→ Directions: Only lines containing "exitY" are wanted from the data below. Copy those lines.

→ Stored records:
[Start of section]
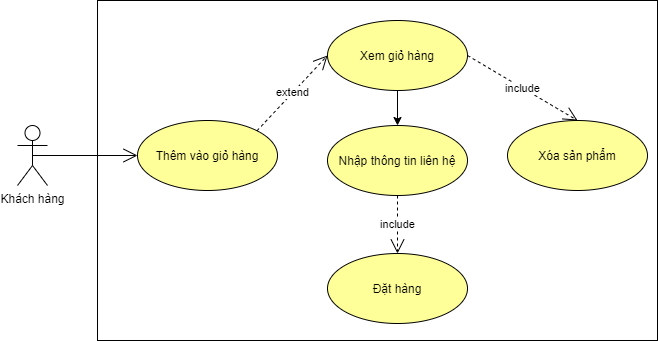

The diagram above was exported from draw.io. Its source (the exported page's mxGraphModel, read from the mxfile embedded in the PNG):
<mxGraphModel dx="678" dy="452" grid="1" gridSize="10" guides="1" tooltips="1" connect="1" arrows="1" fold="1" page="1" pageScale="1" pageWidth="1169" pageHeight="826" background="none" math="0" shadow="0">
  <root>
    <mxCell id="0" />
    <mxCell id="1" parent="0" />
    <mxCell id="kqngPm_ioKEMqb645Y8R-9" value="" style="rounded=0;whiteSpace=wrap;html=1;" vertex="1" parent="1">
      <mxGeometry x="120" y="160" width="560" height="340" as="geometry" />
    </mxCell>
    <mxCell id="kqngPm_ioKEMqb645Y8R-10" value="Khách hàng" style="shape=umlActor;verticalLabelPosition=bottom;verticalAlign=top;html=1;outlineConnect=0;" vertex="1" parent="1">
      <mxGeometry x="40" y="285" width="30" height="60" as="geometry" />
    </mxCell>
    <mxCell id="kqngPm_ioKEMqb645Y8R-11" value="Nhập thông tin liên hệ" style="ellipse;whiteSpace=wrap;html=1;fillColor=#FFFF99;strokeColor=#000000;" vertex="1" parent="1">
      <mxGeometry x="350" y="285" width="140" height="70" as="geometry" />
    </mxCell>
    <mxCell id="kqngPm_ioKEMqb645Y8R-12" value="Thêm vào giỏ hàng" style="ellipse;whiteSpace=wrap;html=1;strokeColor=#000000;fillColor=#FFFF99;" vertex="1" parent="1">
      <mxGeometry x="160" y="280" width="140" height="70" as="geometry" />
    </mxCell>
    <mxCell id="kqngPm_ioKEMqb645Y8R-16" value="" style="endArrow=open;endFill=1;endSize=12;html=1;strokeColor=#000000;fillColor=none;exitX=0.5;exitY=0.5;exitDx=0;exitDy=0;exitPerimeter=0;entryX=0;entryY=0.5;entryDx=0;entryDy=0;" edge="1" parent="1" source="kqngPm_ioKEMqb645Y8R-10" target="kqngPm_ioKEMqb645Y8R-12">
      <mxGeometry width="160" relative="1" as="geometry">
        <mxPoint x="200" y="390" as="sourcePoint" />
        <mxPoint x="360" y="390" as="targetPoint" />
      </mxGeometry>
    </mxCell>
    <mxCell id="kqngPm_ioKEMqb645Y8R-21" value="include" style="endArrow=open;endSize=12;dashed=1;html=1;strokeColor=#000000;fillColor=none;entryX=0.5;entryY=0;entryDx=0;entryDy=0;exitX=0.5;exitY=1;exitDx=0;exitDy=0;" edge="1" parent="1" source="kqngPm_ioKEMqb645Y8R-11" target="kqngPm_ioKEMqb645Y8R-35">
      <mxGeometry width="160" relative="1" as="geometry">
        <mxPoint x="340" y="315" as="sourcePoint" />
        <mxPoint x="360" y="390" as="targetPoint" />
      </mxGeometry>
    </mxCell>
    <mxCell id="kqngPm_ioKEMqb645Y8R-33" style="edgeStyle=orthogonalEdgeStyle;rounded=0;orthogonalLoop=1;jettySize=auto;html=1;entryX=0.5;entryY=0;entryDx=0;entryDy=0;" edge="1" parent="1" source="kqngPm_ioKEMqb645Y8R-26" target="kqngPm_ioKEMqb645Y8R-11">
      <mxGeometry relative="1" as="geometry" />
    </mxCell>
    <mxCell id="kqngPm_ioKEMqb645Y8R-26" value="Xem giỏ hàng" style="ellipse;whiteSpace=wrap;html=1;fillColor=#FFFF99;" vertex="1" parent="1">
      <mxGeometry x="350" y="180" width="140" height="70" as="geometry" />
    </mxCell>
    <mxCell id="kqngPm_ioKEMqb645Y8R-28" value="extend" style="endArrow=open;endSize=12;dashed=1;html=1;strokeColor=#000000;fillColor=none;exitX=1;exitY=0;exitDx=0;exitDy=0;entryX=0;entryY=0.5;entryDx=0;entryDy=0;" edge="1" parent="1" source="kqngPm_ioKEMqb645Y8R-12" target="kqngPm_ioKEMqb645Y8R-26">
      <mxGeometry width="160" relative="1" as="geometry">
        <mxPoint x="360" y="335" as="sourcePoint" />
        <mxPoint x="490" y="335" as="targetPoint" />
      </mxGeometry>
    </mxCell>
    <mxCell id="kqngPm_ioKEMqb645Y8R-34" value="Xóa sản phẩm" style="ellipse;whiteSpace=wrap;html=1;fillColor=#FFFF99;" vertex="1" parent="1">
      <mxGeometry x="530" y="280" width="140" height="70" as="geometry" />
    </mxCell>
    <mxCell id="kqngPm_ioKEMqb645Y8R-35" value="Đặt hàng" style="ellipse;whiteSpace=wrap;html=1;fillColor=#FFFF99;" vertex="1" parent="1">
      <mxGeometry x="350" y="413" width="140" height="70" as="geometry" />
    </mxCell>
    <mxCell id="kqngPm_ioKEMqb645Y8R-36" value="include" style="endArrow=open;endSize=12;dashed=1;html=1;strokeColor=#000000;fillColor=none;entryX=0.5;entryY=0;entryDx=0;entryDy=0;exitX=1;exitY=0.5;exitDx=0;exitDy=0;" edge="1" parent="1" source="kqngPm_ioKEMqb645Y8R-26" target="kqngPm_ioKEMqb645Y8R-34">
      <mxGeometry width="160" relative="1" as="geometry">
        <mxPoint x="430" y="365" as="sourcePoint" />
        <mxPoint x="430" y="423" as="targetPoint" />
      </mxGeometry>
    </mxCell>
  </root>
</mxGraphModel>
[End of section]
→ Result for this task:
    <mxCell id="kqngPm_ioKEMqb645Y8R-16" value="" style="endArrow=open;endFill=1;endSize=12;html=1;strokeColor=#000000;fillColor=none;exitX=0.5;exitY=0.5;exitDx=0;exitDy=0;exitPerimeter=0;entryX=0;entryY=0.5;entryDx=0;entryDy=0;" edge="1" parent="1" source="kqngPm_ioKEMqb645Y8R-10" target="kqngPm_ioKEMqb645Y8R-12">
    <mxCell id="kqngPm_ioKEMqb645Y8R-21" value="include" style="endArrow=open;endSize=12;dashed=1;html=1;strokeColor=#000000;fillColor=none;entryX=0.5;entryY=0;entryDx=0;entryDy=0;exitX=0.5;exitY=1;exitDx=0;exitDy=0;" edge="1" parent="1" source="kqngPm_ioKEMqb645Y8R-11" target="kqngPm_ioKEMqb645Y8R-35">
    <mxCell id="kqngPm_ioKEMqb645Y8R-28" value="extend" style="endArrow=open;endSize=12;dashed=1;html=1;strokeColor=#000000;fillColor=none;exitX=1;exitY=0;exitDx=0;exitDy=0;entryX=0;entryY=0.5;entryDx=0;entryDy=0;" edge="1" parent="1" source="kqngPm_ioKEMqb645Y8R-12" target="kqngPm_ioKEMqb645Y8R-26">
    <mxCell id="kqngPm_ioKEMqb645Y8R-36" value="include" style="endArrow=open;endSize=12;dashed=1;html=1;strokeColor=#000000;fillColor=none;entryX=0.5;entryY=0;entryDx=0;entryDy=0;exitX=1;exitY=0.5;exitDx=0;exitDy=0;" edge="1" parent="1" source="kqngPm_ioKEMqb645Y8R-26" target="kqngPm_ioKEMqb645Y8R-34">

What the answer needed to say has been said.